#### Your goal
Write the entries out exactly, with the final line being the one containing "- This project".

#### Supplied records ####

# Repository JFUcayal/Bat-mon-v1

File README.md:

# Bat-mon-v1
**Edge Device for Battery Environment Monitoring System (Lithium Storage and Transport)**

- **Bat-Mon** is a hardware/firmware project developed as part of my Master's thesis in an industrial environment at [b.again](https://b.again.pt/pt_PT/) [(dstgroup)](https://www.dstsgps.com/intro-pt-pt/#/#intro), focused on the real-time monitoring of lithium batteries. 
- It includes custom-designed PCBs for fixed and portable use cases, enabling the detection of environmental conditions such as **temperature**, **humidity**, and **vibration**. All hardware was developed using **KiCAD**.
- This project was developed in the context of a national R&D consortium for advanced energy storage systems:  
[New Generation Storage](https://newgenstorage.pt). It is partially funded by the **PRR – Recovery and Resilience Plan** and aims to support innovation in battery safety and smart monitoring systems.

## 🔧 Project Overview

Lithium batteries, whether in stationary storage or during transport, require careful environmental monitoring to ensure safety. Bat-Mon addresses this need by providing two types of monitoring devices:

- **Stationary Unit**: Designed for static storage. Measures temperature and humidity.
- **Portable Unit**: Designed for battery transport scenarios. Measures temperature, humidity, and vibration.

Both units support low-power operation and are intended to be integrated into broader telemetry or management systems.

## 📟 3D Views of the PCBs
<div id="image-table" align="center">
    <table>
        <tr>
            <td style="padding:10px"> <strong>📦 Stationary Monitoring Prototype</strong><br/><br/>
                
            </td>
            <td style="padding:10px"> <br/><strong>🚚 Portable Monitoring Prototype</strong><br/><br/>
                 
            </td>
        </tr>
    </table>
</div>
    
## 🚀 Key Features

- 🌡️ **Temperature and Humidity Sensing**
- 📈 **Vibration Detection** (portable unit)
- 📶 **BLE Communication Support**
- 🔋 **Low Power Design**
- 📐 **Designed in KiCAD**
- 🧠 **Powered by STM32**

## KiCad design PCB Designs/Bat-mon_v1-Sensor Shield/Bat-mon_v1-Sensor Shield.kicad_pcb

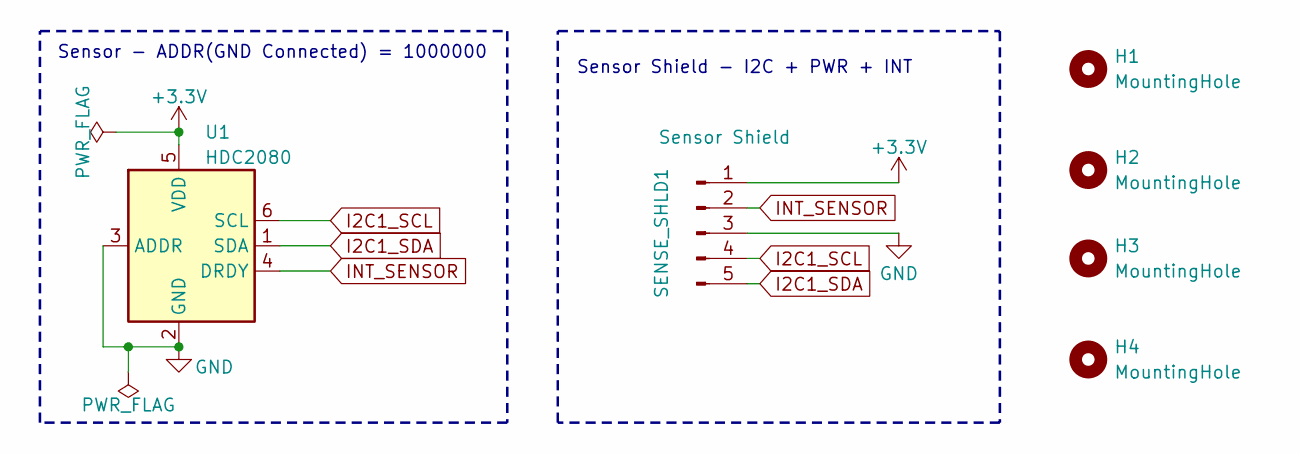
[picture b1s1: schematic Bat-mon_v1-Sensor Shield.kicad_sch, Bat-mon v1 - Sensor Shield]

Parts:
H1, H2, H3, H4: MountingHole; MountingHole_2.2mm_M2_Pad_Via
SENSE_SHLD1: Sensor Shield; SHDR5W64P0X250_1X5_1490X575X700P
U1: HDC2080; Texas_PWSON-N6

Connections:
+3.3V: SENSE_SHLD1.1, U1.5 (VDD)
GND: SENSE_SHLD1.3, U1.2 (GND), U1.3 (ADDR)
I2C1_SCL: SENSE_SHLD1.4, U1.6 (SCL)
I2C1_SDA: SENSE_SHLD1.5, U1.1 (SDA)
INT_SENSOR: SENSE_SHLD1.2, U1.4 (DRDY)

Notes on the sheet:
Sensor - ADDR(GND Connected) = 1000000
Sensor Shield - I2C + PWR + INT

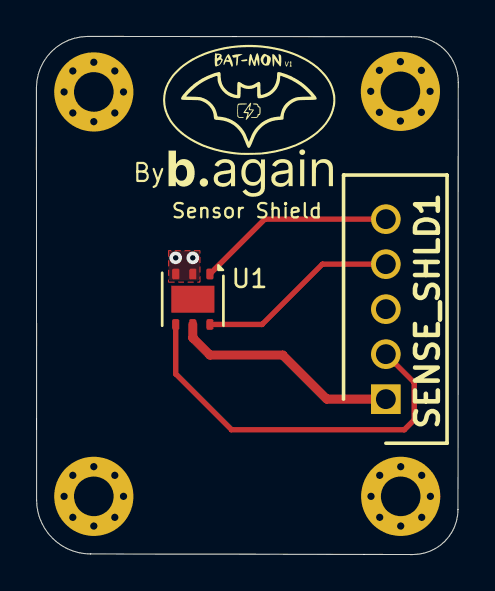
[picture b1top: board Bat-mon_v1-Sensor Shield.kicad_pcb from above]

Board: 2 copper layers, 23.4 x 28.8 mm, 6 parts (0 on the bottom side), 5 nets.

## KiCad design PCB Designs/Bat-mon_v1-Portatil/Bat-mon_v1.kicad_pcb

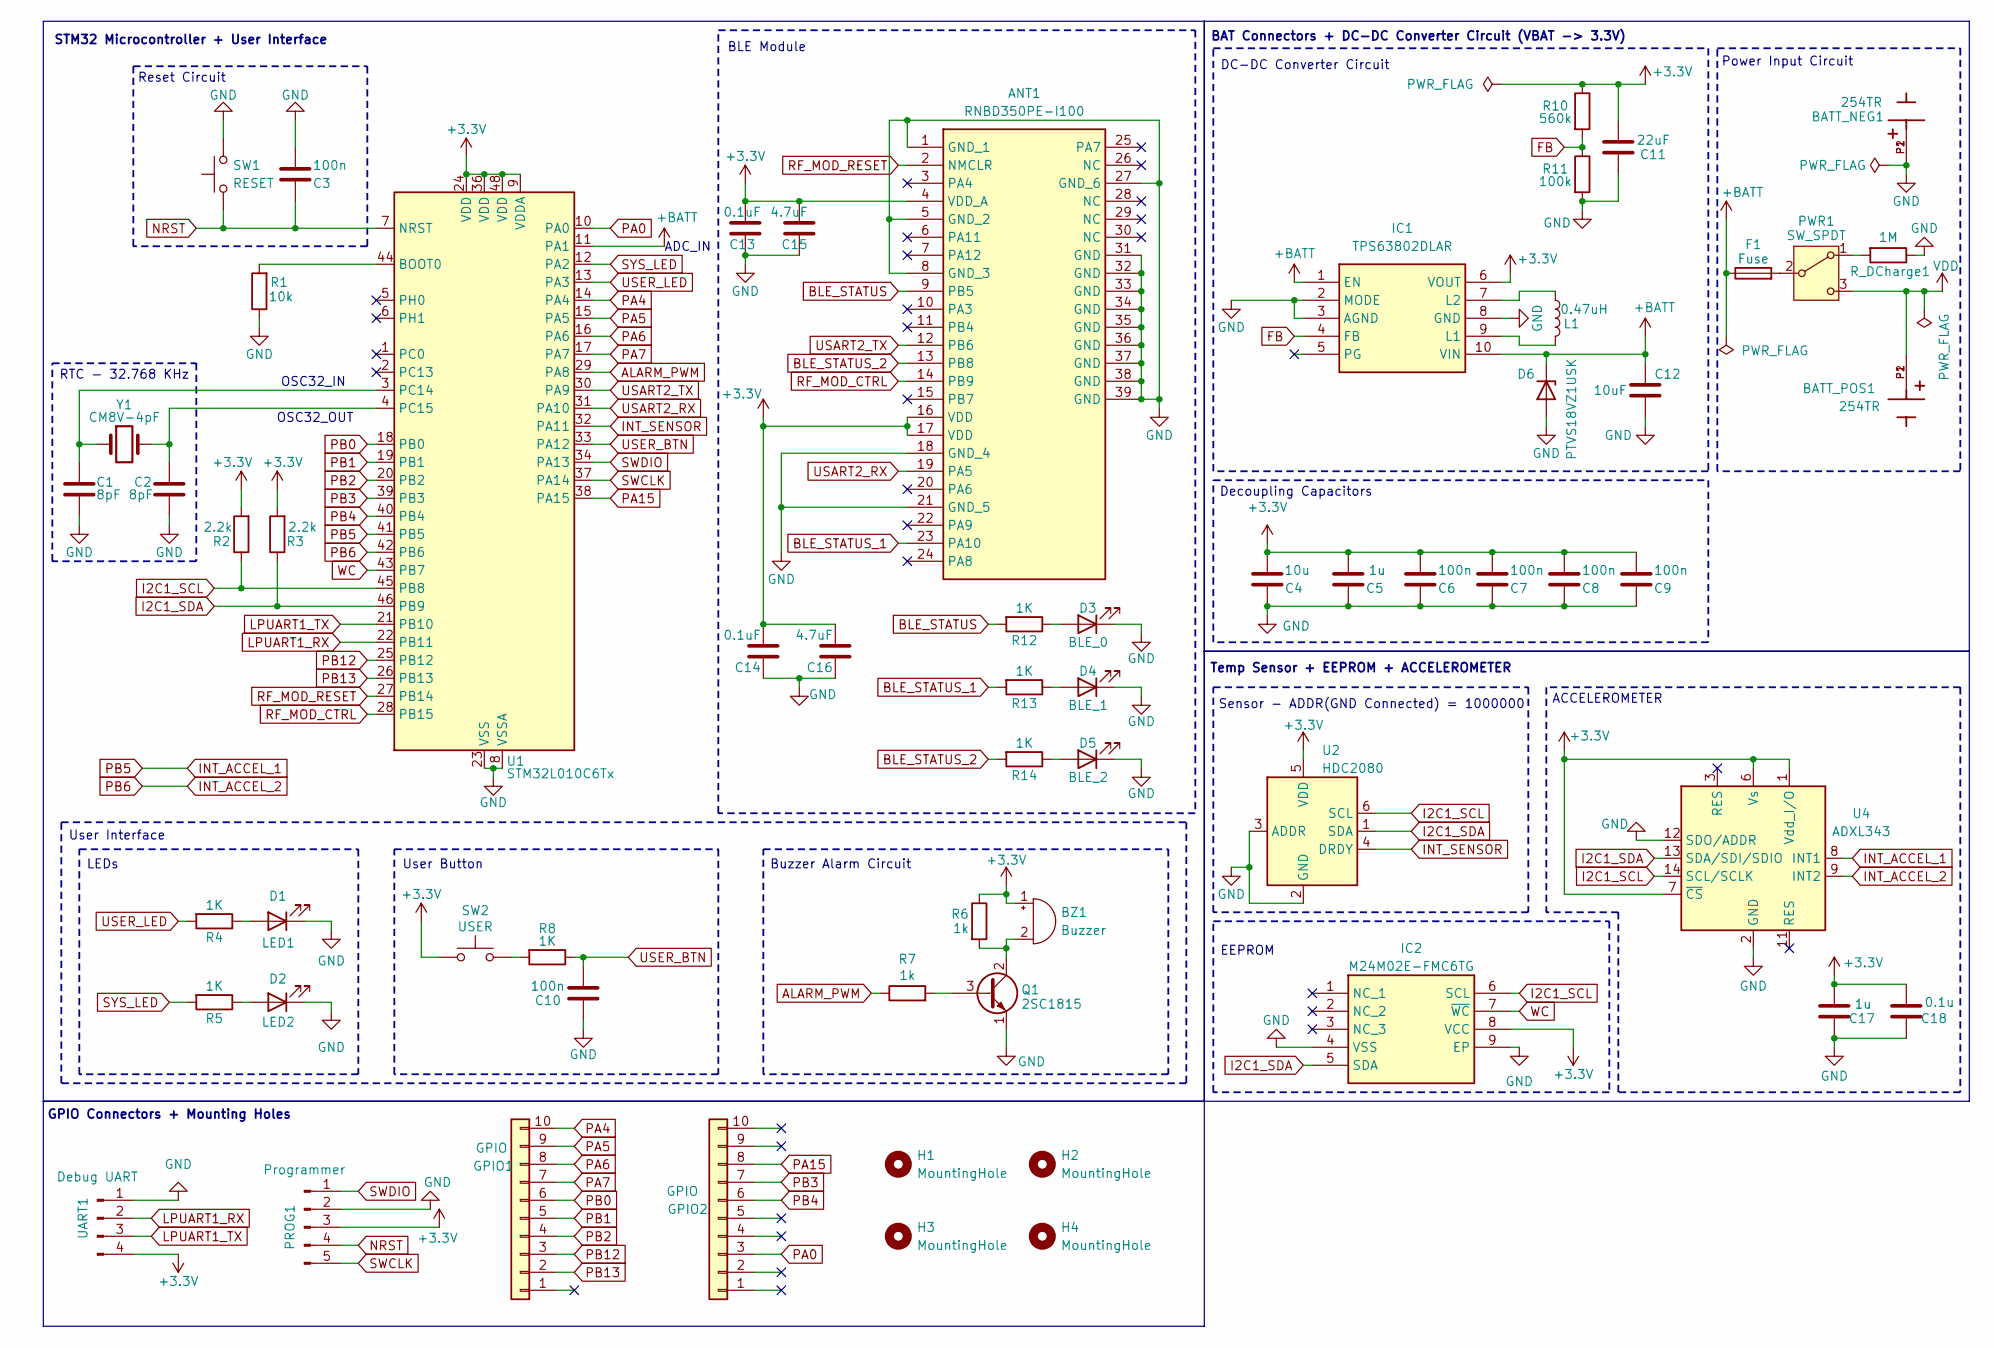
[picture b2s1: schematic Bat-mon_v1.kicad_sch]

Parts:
ANT1: RNBD350PE-I100; RNBD350PE-I100 - BLE Module; Manufacturer_Part_Number RNBD451PE-I100; Mouser Part Number 579-RNBD451PE-I100
BATT_NEG1: 254TR; BAT_254TR; PARTREV C
BATT_POS1: 254TR; BAT_254TR; PARTREV C
BZ1: Buzzer; PS17_1
C1, C2: 8pF; C_Disc_D3.4mm_W2.1mm_P2.50mm
C3, C6, C7, C8, C9, C10: 100n; C_Disc_D3.4mm_W2.1mm_P2.50mm
C4: 10u; C_Disc_D3.4mm_W2.1mm_P2.50mm
C5, C17: 1u; C_Disc_D3.4mm_W2.1mm_P2.50mm
C11: 22uF; C_Disc_D3.4mm_W2.1mm_P2.50mm
C12: 10uF; C_Disc_D3.4mm_W2.1mm_P2.50mm
C13, C14: 0.1uF; C_Disc_D3.4mm_W2.1mm_P2.50mm
C15, C16: 4.7uF; C_Disc_D3.4mm_W2.1mm_P2.50mm
C18: 0.1u; C_Disc_D3.4mm_W2.1mm_P2.50mm
D1: LED1; LEDC1608X80N
D2: LED2; LEDC1608X80N
D3: BLE_0; LEDC1608X80N
D4: BLE_1; LEDC1608X80N
D5: BLE_2; LEDC1608X80N
D6: PTVS18VZ1USK; SODFL4725X105N
F1: Fuse; WR-FSH_THT_2
GPIO1, GPIO2: GPIO; Header_F_1X10_61301011821
H1, H2, H3, H4: MountingHole; MountingHole_2.2mm_M2_Pad_Via
IC1: TPS63802DLAR; Mouser Part Number 595-TPS63802DLAR
IC2: M24M02E-FMC6TG; M24M02EFMC6TG; Mouser Part Number 511-M24M02E-FMC6TG
L1: 0.47uH; L_Axial_L5.3mm_D2.2mm_P7.62mm_Horizontal_Vishay_IM-1
PROG1: Programmer; PinHeader_1x05_P2.54mm_Vertical
PWR1: SW_SPDT; SLW2327758AND
Q1: 2SC1815; TO-92_Inline
R1: 10k; R_Axial_DIN0207_L6.3mm_D2.5mm_P7.62mm_Horizontal
R2, R3: 2.2k; R_Axial_DIN0207_L6.3mm_D2.5mm_P7.62mm_Horizontal
R4, R5, R8, R12, R13, R14: 1K; R_Axial_DIN0207_L6.3mm_D2.5mm_P7.62mm_Horizontal
R6, R7: 1k; R_Axial_DIN0207_L6.3mm_D2.5mm_P7.62mm_Horizontal
R10: 560k; R_Axial_DIN0207_L6.3mm_D2.5mm_P7.62mm_Horizontal
R11: 100k; R_Axial_DIN0207_L6.3mm_D2.5mm_P7.62mm_Horizontal
R_DCharge1: 1M; R_Axial_DIN0207_L6.3mm_D2.5mm_P7.62mm_Horizontal
SW1: RESET; SW_Push_SPST_NO_Alps_SKRK
SW2: USER; SW_Push_SPST_NO_Alps_SKRK
U1: STM32L010C6Tx; LQFP-48_7x7mm_P0.5mm
U2: HDC2080; Texas_PWSON-N6
U4: ADXL343; LGA-14_3x5mm_P0.8mm_LayoutBorder1x6y
UART1: Debug UART; Header_M_1X4_61300411121
Y1: CM8V-4pF; Crystal_SMD_MicroCrystal_CC8V-T1A-2Pin_2.0x1.2mm

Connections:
+3.3V: ANT1.4 (VDD_A), ANT1.16 (VDD), ANT1.17 (VDD), BZ1.1 (+), C4.2, C5.2, C6.2, C7.2, C8.2, C9.2, C11.2, C13.2, C14.2, C15.2, C16.2, C17.2, C18.2, IC1.6 (VOUT), IC2.8 (VCC), PROG1.3, R2.2, R3.2, R6.1, R10.1, SW2.1, U1.9 (VDDA), U1.24 (VDD), U1.36 (VDD), U1.48 (VDD), U2.5 (VDD), U4.1 (Vdd_I/O), U4.6 (Vs), U4.7 (~CS), UART1.4
+BATT: C12.2, D6.1 (K), F1.1, IC1.1 (EN), IC1.10 (VIN), U1.11 (PA1)
ALARM_PWM: R7.1, U1.29 (PA8)
BLE_STATUS: ANT1.9 (PB5), R12.2
BLE_STATUS_1: ANT1.23 (PA10), R13.2
BLE_STATUS_2: ANT1.13 (PB8), R14.2
FB: IC1.4 (FB), R10.2, R11.1
GND: ANT1.1 (GND_1), ANT1.5 (GND_2), ANT1.8 (GND_3), ANT1.18 (GND_4), ANT1.21 (GND_5), ANT1.27 (GND_6), ANT1.31 (GND), ANT1.32 (GND), ANT1.33 (GND), ANT1.34 (GND), ANT1.35 (GND), ANT1.36 (GND), ANT1.37 (GND), ANT1.38 (GND), ANT1.39 (GND), BATT_NEG1.P1, BATT_NEG1.P2, C1.2, C2.2, C3.2, C4.1, C5.1, C6.1, C7.1, C8.1, C9.1, C10.1, C11.1, C12.1, C13.1, C14.1, C15.1, C16.1, C17.1, C18.1, D1.1 (K), D2.1 (K), D3.1 (K), D4.1 (K), D5.1 (K), D6.2 (A), IC1.2 (MODE), IC1.3 (AGND), IC1.8 (GND), IC2.4 (VSS), IC2.9 (EP), PROG1.2, Q1.1 (E), R1.1, R11.2, R_DCharge1.1, SW1.2, U1.8 (VSSA), U1.23 (VSS), U1.35 (VSS), U1.47 (VSS), U2.2 (GND), U2.3 (ADDR), U4.2 (GND), U4.4 (GND), U4.5 (GND), U4.12 (SDO/ADDR), UART1.1
I2C1_SCL: IC2.6 (SCL), R2.1, U1.45 (PB8), U2.6 (SCL), U4.14 (SCL/SCLK)
I2C1_SDA: IC2.5 (SDA), R3.1, U1.46 (PB9), U2.1 (SDA), U4.13 (SDA/SDI/SDIO)
INT_ACCEL_1: U1.41 (PB5), U4.8 (INT1)
INT_ACCEL_2: U1.42 (PB6), U4.9 (INT2)
INT_SENSOR: U1.32 (PA11), U2.4 (DRDY)
LPUART1_RX: U1.22 (PB11), UART1.2
LPUART1_TX: U1.21 (PB10), UART1.3
NRST: C3.1, PROG1.4, SW1.1, U1.7 (NRST)
unnamed: BZ1.2 (-), Q1.2 (C), R6.2
unnamed: D1.2 (A), R4.1
unnamed: D2.2 (A), R5.1
unnamed: D3.2 (A), R12.1
unnamed: D4.2 (A), R13.1
unnamed: D5.2 (A), R14.1
unnamed: IC1.9 (L1), L1.2
unnamed: IC1.7 (L2), L1.1
unnamed: PWR1.1 (A), R_DCharge1.2
unnamed: F1.2, PWR1.2 (B)
unnamed: Q1.3 (B), R7.2
unnamed: R8.2, SW2.2
unnamed: R1.2, U1.44 (BOOT0)
unnamed: C1.1, U1.3 (PC14), Y1.1
unnamed: C2.1, U1.4 (PC15), Y1.2
PA0: GPIO2.3, U1.10 (PA0)
PA4: GPIO1.10, U1.14 (PA4)
PA5: GPIO1.9, U1.15 (PA5)
PA6: GPIO1.8, U1.16 (PA6)
PA7: GPIO1.7, U1.17 (PA7)
PA15: GPIO2.8, U1.38 (PA15)
PB0: GPIO1.6, U1.18 (PB0)
PB1: GPIO1.5, U1.19 (PB1)
PB2: GPIO1.4, U1.20 (PB2)
PB3: GPIO2.7, U1.39 (PB3)
PB4: GPIO2.6, U1.40 (PB4)
PB12: GPIO1.3, U1.25 (PB12)
PB13: GPIO1.2, U1.26 (PB13)
RF_MOD_CTRL: ANT1.14 (PB9), U1.28 (PB15)
RF_MOD_RESET: ANT1.2 (NMCLR), U1.27 (PB14)
SWCLK: PROG1.5, U1.37 (PA14)
SWDIO: PROG1.1, U1.34 (PA13)
SYS_LED: R5.2, U1.12 (PA2)
USART2_RX: ANT1.19 (PA5), U1.31 (PA10)
USART2_TX: ANT1.12 (PB6), U1.30 (PA9)
USER_BTN: C10.2, R8.1, U1.33 (PA12)
USER_LED: R4.2, U1.13 (PA3)
VDD: BATT_POS1.P1, BATT_POS1.P2, PWR1.3 (C)
WC: IC2.7 (~WC), U1.43 (PB7)

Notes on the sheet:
EEPROM
GPIO Connectors + Mounting Holes
BLE Module
User Button
RTC - 32.768 KHz
User Interface
LEDs
BAT Connectors + DC-DC Converter Circuit (VBAT -> 3.3V)
Sensor - ADDR(GND Connected) = 1000000
DC-DC Converter Circuit
STM32 Microcontroller + User Interface
OSC32_IN
Temp Sensor + EEPROM + ACCELEROMETER
OSC32_OUT
ADC_IN
Buzzer Alarm Circuit
Decoupling Capacitors
Power Input Circuit
ACCELEROMETER
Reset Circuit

####

#### Solution for this problem
# Repository JFUcayal/Bat-mon-v1

File README.md:

# Bat-mon-v1
**Edge Device for Battery Environment Monitoring System (Lithium Storage and Transport)**

- **Bat-Mon** is a hardware/firmware project developed as part of my Master's thesis in an industrial environment at [b.again](https://b.again.pt/pt_PT/) [(dstgroup)](https://www.dstsgps.com/intro-pt-pt/#/#intro), focused on the real-time monitoring of lithium batteries. 
- It includes custom-designed PCBs for fixed and portable use cases, enabling the detection of environmental conditions such as **temperature**, **humidity**, and **vibration**. All hardware was developed using **KiCAD**.
- This project was developed in the context of a national R&D consortium for advanced energy storage systems:  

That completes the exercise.